Please state how many lines of the listing contain the word "infoeditControl", giving the number by itself.
══ SUPPLIED MATERIAL
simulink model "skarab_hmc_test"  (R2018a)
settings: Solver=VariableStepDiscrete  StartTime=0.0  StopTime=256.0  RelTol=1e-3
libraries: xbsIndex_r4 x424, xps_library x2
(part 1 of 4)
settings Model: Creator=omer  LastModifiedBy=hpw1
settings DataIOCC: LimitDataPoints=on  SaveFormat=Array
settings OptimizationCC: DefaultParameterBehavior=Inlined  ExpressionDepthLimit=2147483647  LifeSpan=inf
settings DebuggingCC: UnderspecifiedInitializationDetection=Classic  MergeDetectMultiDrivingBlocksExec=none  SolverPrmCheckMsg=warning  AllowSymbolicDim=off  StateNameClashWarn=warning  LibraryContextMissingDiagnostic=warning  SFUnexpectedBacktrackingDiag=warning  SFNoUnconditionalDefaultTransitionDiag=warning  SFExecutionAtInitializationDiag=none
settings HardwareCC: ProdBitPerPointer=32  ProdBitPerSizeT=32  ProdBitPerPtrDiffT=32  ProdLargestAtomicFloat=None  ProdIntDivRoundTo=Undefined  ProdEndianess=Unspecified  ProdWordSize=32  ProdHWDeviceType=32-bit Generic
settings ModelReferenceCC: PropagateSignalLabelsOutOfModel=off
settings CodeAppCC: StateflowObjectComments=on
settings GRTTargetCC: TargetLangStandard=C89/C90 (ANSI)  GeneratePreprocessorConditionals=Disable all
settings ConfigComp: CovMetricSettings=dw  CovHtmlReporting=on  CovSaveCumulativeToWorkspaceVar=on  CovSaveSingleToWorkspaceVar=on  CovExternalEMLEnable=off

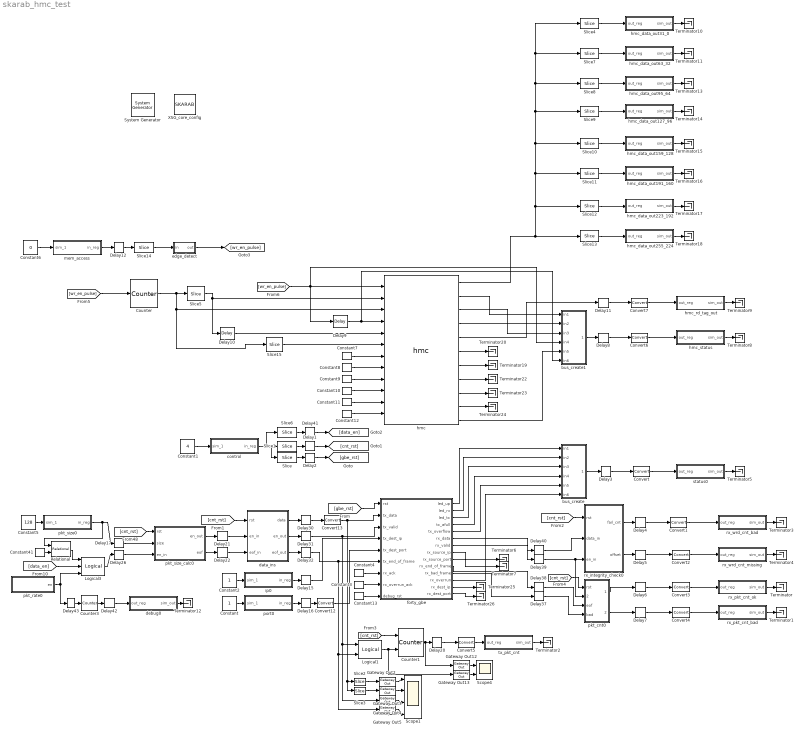
== system skarab_hmc_test ==
  " System Generator" : xbsIndex_r4/ System Generator  Tag=genX  xilinxfamily=virtex7  part=xc7vx690t  speed=-2  package=ffg1927  synthesis_tool=XST  clock_wrapper=Clock Enables  directory=/home/aisaacson/work/git_work/ska_sa/projects/mlib_devel/jasper_library/test_models/skarab_hmc_test/sysgen  proj_type=Vivado  Synth_file=Vivado Synthesis Defaults  Impl_file=Vivado Implementation Defaults  testbench=off  simulink_period=1  sysclk_period=4.4444  dcm_input_clock_period=10  incr_netlist=off  trim_vbits=Everywhere in SubSystem  dbl_ovrd=According to Block Masks  core_generation=According to Block Masks  run_coregen=off  deprecated_control=off  eval_field=0  block_type=sysgen
  Constant : Constant
  Constant1 : Constant  Value=4
  Constant10 : xbsIndex_r4/Constant  const=0  gui_display_data_type=Boolean  arith_type=Boolean  n_bits=16  bin_pt=14  preci_type=Single  exp_width=8  frac_width=24  explicit_period=on  period=1  equ=P=C  opselect=C  inp2=PCIN>>17  opr=+  inp1=P  carry=CIN  dbl_ovrd=off  block_type=constant
      settings: block_version=11.4
  Constant11 : xbsIndex_r4/Constant  const=0  gui_display_data_type=Fixed-point  arith_type=Unsigned  n_bits=27  bin_pt=0  preci_type=Single  exp_width=8  frac_width=24  explicit_period=on  period=1  equ=P=C  opselect=C  inp2=PCIN>>17  opr=+  inp1=P  carry=CIN  dbl_ovrd=off  block_type=constant
      settings: block_version=11.4
  Constant12 : xbsIndex_r4/Constant  const=0  gui_display_data_type=Fixed-point  arith_type=Signed (2's comp)  n_bits=9  bin_pt=0  preci_type=Single  exp_width=8  frac_width=24  explicit_period=on  period=1  equ=P=C  opselect=C  inp2=PCIN>>17  opr=+  inp1=P  carry=CIN  dbl_ovrd=off  block_type=constant
      settings: block_version=11.4
  Constant13 : xbsIndex_r4/Constant  const=0  gui_display_data_type=Boolean  arith_type=Boolean  n_bits=16  bin_pt=14  preci_type=Single  exp_width=8  frac_width=24  explicit_period=on  period=1  equ=P=C  opselect=C  inp2=PCIN>>17  opr=+  inp1=P  carry=CIN  dbl_ovrd=off  block_type=constant
      settings: block_version=11.4
  Constant2 : Constant
  Constant3 : xbsIndex_r4/Constant  const=1  gui_display_data_type=Fixed-point  arith_type=Boolean  n_bits=16  bin_pt=14  preci_type=Single  exp_width=8  frac_width=24  explicit_period=on  period=1  equ=P=C  opselect=C  inp2=PCIN>>17  opr=+  inp1=P  carry=CIN  dbl_ovrd=off  block_type=constant
      settings: block_version=11.4
  Constant4 : xbsIndex_r4/Constant  const=1  gui_display_data_type=Fixed-point  arith_type=Boolean  n_bits=16  bin_pt=14  preci_type=Single  exp_width=8  frac_width=24  explicit_period=on  period=1  equ=P=C  opselect=C  inp2=PCIN>>17  opr=+  inp1=P  carry=CIN  dbl_ovrd=off  block_type=constant
      settings: block_version=11.4
  Constant41 : xbsIndex_r4/Constant  const=0  gui_display_data_type=Fixed-point  arith_type=Unsigned  n_bits=32  bin_pt=0  preci_type=Single  exp_width=8  frac_width=24  explicit_period=on  period=1  equ=P=C  opselect=C  inp2=PCIN>>17  opr=+  inp1=P  carry=CIN  dbl_ovrd=off  block_type=constant
  Constant5 : Constant  Value=128
  Constant6 : Constant  Value=0
  Constant7 : xbsIndex_r4/Constant  const=0  gui_display_data_type=Boolean  arith_type=Boolean  n_bits=16  bin_pt=14  preci_type=Single  exp_width=8  frac_width=24  explicit_period=on  period=1  equ=P=C  opselect=C  inp2=PCIN>>17  opr=+  inp1=P  carry=CIN  dbl_ovrd=off  block_type=constant
      settings: block_version=11.4
  Constant8 : xbsIndex_r4/Constant  const=0  gui_display_data_type=Fixed-point  arith_type=Unsigned  n_bits=27  bin_pt=0  preci_type=Single  exp_width=8  frac_width=24  explicit_period=on  period=1  equ=P=C  opselect=C  inp2=PCIN>>17  opr=+  inp1=P  carry=CIN  dbl_ovrd=off  block_type=constant
      settings: block_version=11.4
  Constant9 : xbsIndex_r4/Constant  const=0  gui_display_data_type=Fixed-point  arith_type=Signed (2's comp)  n_bits=256  bin_pt=0  preci_type=Single  exp_width=8  frac_width=24  explicit_period=on  period=1  equ=P=C  opselect=C  inp2=PCIN>>17  opr=+  inp1=P  carry=CIN  dbl_ovrd=off  block_type=constant
      settings: block_version=11.4
  Convert{,1..7} (8 alike) : xbsIndex_r4/Convert  gui_display_data_type=Fixed-point  arith_type=Unsigned  n_bits=32  bin_pt=0  float_type=Single  exp_bits=8  fraction_bits=24  quantization=Truncate  overflow=Wrap  en=off  latency=0  pipeline=off  dbl_ovrd=off  block_type=convert
  Convert12 : xbsIndex_r4/Convert  gui_display_data_type=Fixed-point  arith_type=Unsigned  n_bits=16  bin_pt=0  float_type=Single  exp_bits=8  fraction_bits=24  quantization=Truncate  overflow=Wrap  en=off  latency=0  pipeline=off  dbl_ovrd=off  block_type=convert
  Convert13 : xbsIndex_r4/Convert  gui_display_data_type=Fixed-point  arith_type=Unsigned  n_bits=256  bin_pt=0  float_type=Single  exp_bits=8  fraction_bits=24  quantization=Truncate  overflow=Wrap  en=off  latency=0  pipeline=off  dbl_ovrd=off  block_type=convert
  Counter : xbsIndex_r4/Counter  cnt_type=Free Running  cnt_to=Inf  operation=Up  start_count=0  cnt_by_val=1  arith_type=Unsigned  n_bits=32  bin_pt=0  load_pin=off  rst=off  en=on  explicit_period=on  period=1  use_behavioral_HDL=off  implementation=Fabric  dbl_ovrd=off  block_type=counter
  Counter1 : xbsIndex_r4/Counter  cnt_type=Free Running  cnt_to=Inf  operation=Up  start_count=0  cnt_by_val=1  arith_type=Unsigned  n_bits=32  bin_pt=0  load_pin=off  rst=on  en=on  explicit_period=on  period=1  use_behavioral_HDL=off  implementation=Fabric  dbl_ovrd=off  block_type=counter
      settings: block_version=11.4
  Counter3 : xbsIndex_r4/Counter  cnt_type=Free Running  cnt_to=Inf  operation=Up  start_count=0  cnt_by_val=1  arith_type=Unsigned  n_bits=32  bin_pt=0  load_pin=off  rst=off  en=on  explicit_period=on  period=1  use_behavioral_HDL=off  implementation=Fabric  dbl_ovrd=off  block_type=counter
      settings: block_version=11.4
  Delay{1..8,11..12,15..17,20..22,26,30..32,37..43} (27 alike) : xbsIndex_r4/Delay  rst=off  infoeditControl=Selection of Reset will increase slice count due to use of real FFs and instead of SRLs  en=off  latency=1  reg_retiming=on  dbl_ovrd=off  block_type=delay
      settings: block_version=11.4
  Delay10 : xbsIndex_r4/Delay  rst=off  infoeditControl=Selection of Reset will increase slice count due to use of real FFs and instead of SRLs  en=off  latency=10  reg_retiming=off  dbl_ovrd=off  block_type=delay
  Delay9 : xbsIndex_r4/Delay  rst=off  infoeditControl=Selection of Reset will increase slice count due to use of real FFs and instead of SRLs  en=off  latency=10  reg_retiming=off  dbl_ovrd=off  block_type=delay
  Gateway Out{2..5,12..13} (6 alike) : xbsIndex_r4/Gateway Out  inherit_from_input=off  hdl_port=on  rows=1  columns=1  UseAsDAC=off  DACChannel='1'  interface=None  automatic_assignment=on  address_offset=hex2dec('00')  intf_name=''  intf_description=''  timing_constraint=None  locs_specified=off  LOCs={}  io_standard={}  block_type=gatewayout
      settings: infoedit="Gateway out block.  Converts Xilinx fixed point inputs into ouputs of type Simulink integer, double, or fixed point.<br><br>Hardware notes:  In hardware these blocks become top level output ports or are discarded, depending on how they are configured."  block_version=11.4
  Logical1 : xbsIndex_r4/Logical  logical_function=AND  inputs=2  en=off  latency=1  precision=Full  arith_type=Unsigned  n_bits=16  bin_pt=0  align_bp=on  dbl_ovrd=off  block_type=logical
      settings: block_version=11.4
  Logical3 : xbsIndex_r4/Logical  logical_function=AND  inputs=3  en=off  latency=1  precision=Full  arith_type=Unsigned  n_bits=16  bin_pt=0  align_bp=on  dbl_ovrd=off  block_type=logical
      settings: block_version=11.4
  Relational : xbsIndex_r4/Relational  mode=a>b  op_type=Bool  en=off  latency=2  dbl_ovrd=off  block_type=relational
  Scope1 : Scope  NumInputPorts=4
  Scope4 : Scope  NumInputPorts=2
  Slice : xbsIndex_r4/Slice  nbits=1  boolean_output=on  mode=Lower Bit Location + Width  bit1=0  base1=MSB of Input  bit0=0  base0=LSB of Input  dbl_ovrd=off  block_type=slice
  Slice1 : xbsIndex_r4/Slice  nbits=1  boolean_output=on  mode=Lower Bit Location + Width  bit1=0  base1=MSB of Input  bit0=1  base0=LSB of Input  dbl_ovrd=off  block_type=slice
  Slice10 : xbsIndex_r4/Slice  nbits=32  boolean_output=off  mode=Lower Bit Location + Width  bit1=0  base1=MSB of Input  bit0=128  base0=LSB of Input  dbl_ovrd=off  block_type=slice
  Slice11 : xbsIndex_r4/Slice  nbits=32  boolean_output=off  mode=Lower Bit Location + Width  bit1=0  base1=MSB of Input  bit0=160  base0=LSB of Input  dbl_ovrd=off  block_type=slice
  Slice12 : xbsIndex_r4/Slice  nbits=32  boolean_output=off  mode=Lower Bit Location + Width  bit1=0  base1=MSB of Input  bit0=192  base0=LSB of Input  dbl_ovrd=off  block_type=slice
  Slice13 : xbsIndex_r4/Slice  nbits=32  boolean_output=off  mode=Lower Bit Location + Width  bit1=0  base1=MSB of Input  bit0=224  base0=LSB of Input  dbl_ovrd=off  block_type=slice
  Slice14 : xbsIndex_r4/Slice  nbits=1  boolean_output=on  mode=Lower Bit Location + Width  bit1=0  base1=MSB of Input  bit0=0  base0=LSB of Input  dbl_ovrd=off  block_type=slice
  Slice15 : xbsIndex_r4/Slice  nbits=9  boolean_output=off  mode=Lower Bit Location + Width  bit1=0  base1=MSB of Input  bit0=0  base0=LSB of Input  dbl_ovrd=off  block_type=slice
  Slice2 : xbsIndex_r4/Slice  nbits=1  boolean_output=off  mode=Upper Bit Location + Width  bit1=0  base1=MSB of Input  bit0=1  base0=MSB of Input  dbl_ovrd=off  block_type=slice
  Slice3 : xbsIndex_r4/Slice  nbits=63  boolean_output=off  mode=Lower Bit Location + Width  bit1=0  base1=MSB of Input  bit0=0  base0=LSB of Input  dbl_ovrd=off  block_type=slice
  Slice4 : xbsIndex_r4/Slice  nbits=32  boolean_output=off  mode=Lower Bit Location + Width  bit1=0  base1=MSB of Input  bit0=0  base0=LSB of Input  dbl_ovrd=off  block_type=slice
  Slice5 : xbsIndex_r4/Slice  nbits=27  boolean_output=off  mode=Lower Bit Location + Width  bit1=0  base1=MSB of Input  bit0=0  base0=LSB of Input  dbl_ovrd=off  block_type=slice
  Slice6 : xbsIndex_r4/Slice  nbits=1  boolean_output=on  mode=Lower Bit Location + Width  bit1=0  base1=MSB of Input  bit0=2  base0=LSB of Input  dbl_ovrd=off  block_type=slice
  Slice7 : xbsIndex_r4/Slice  nbits=32  boolean_output=off  mode=Lower Bit Location + Width  bit1=0  base1=MSB of Input  bit0=32  base0=LSB of Input  dbl_ovrd=off  block_type=slice
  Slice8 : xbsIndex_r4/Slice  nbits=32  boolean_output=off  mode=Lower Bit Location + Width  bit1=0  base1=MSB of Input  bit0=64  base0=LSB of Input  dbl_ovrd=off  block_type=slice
════
## RESULT OF THIS EXERCISE
3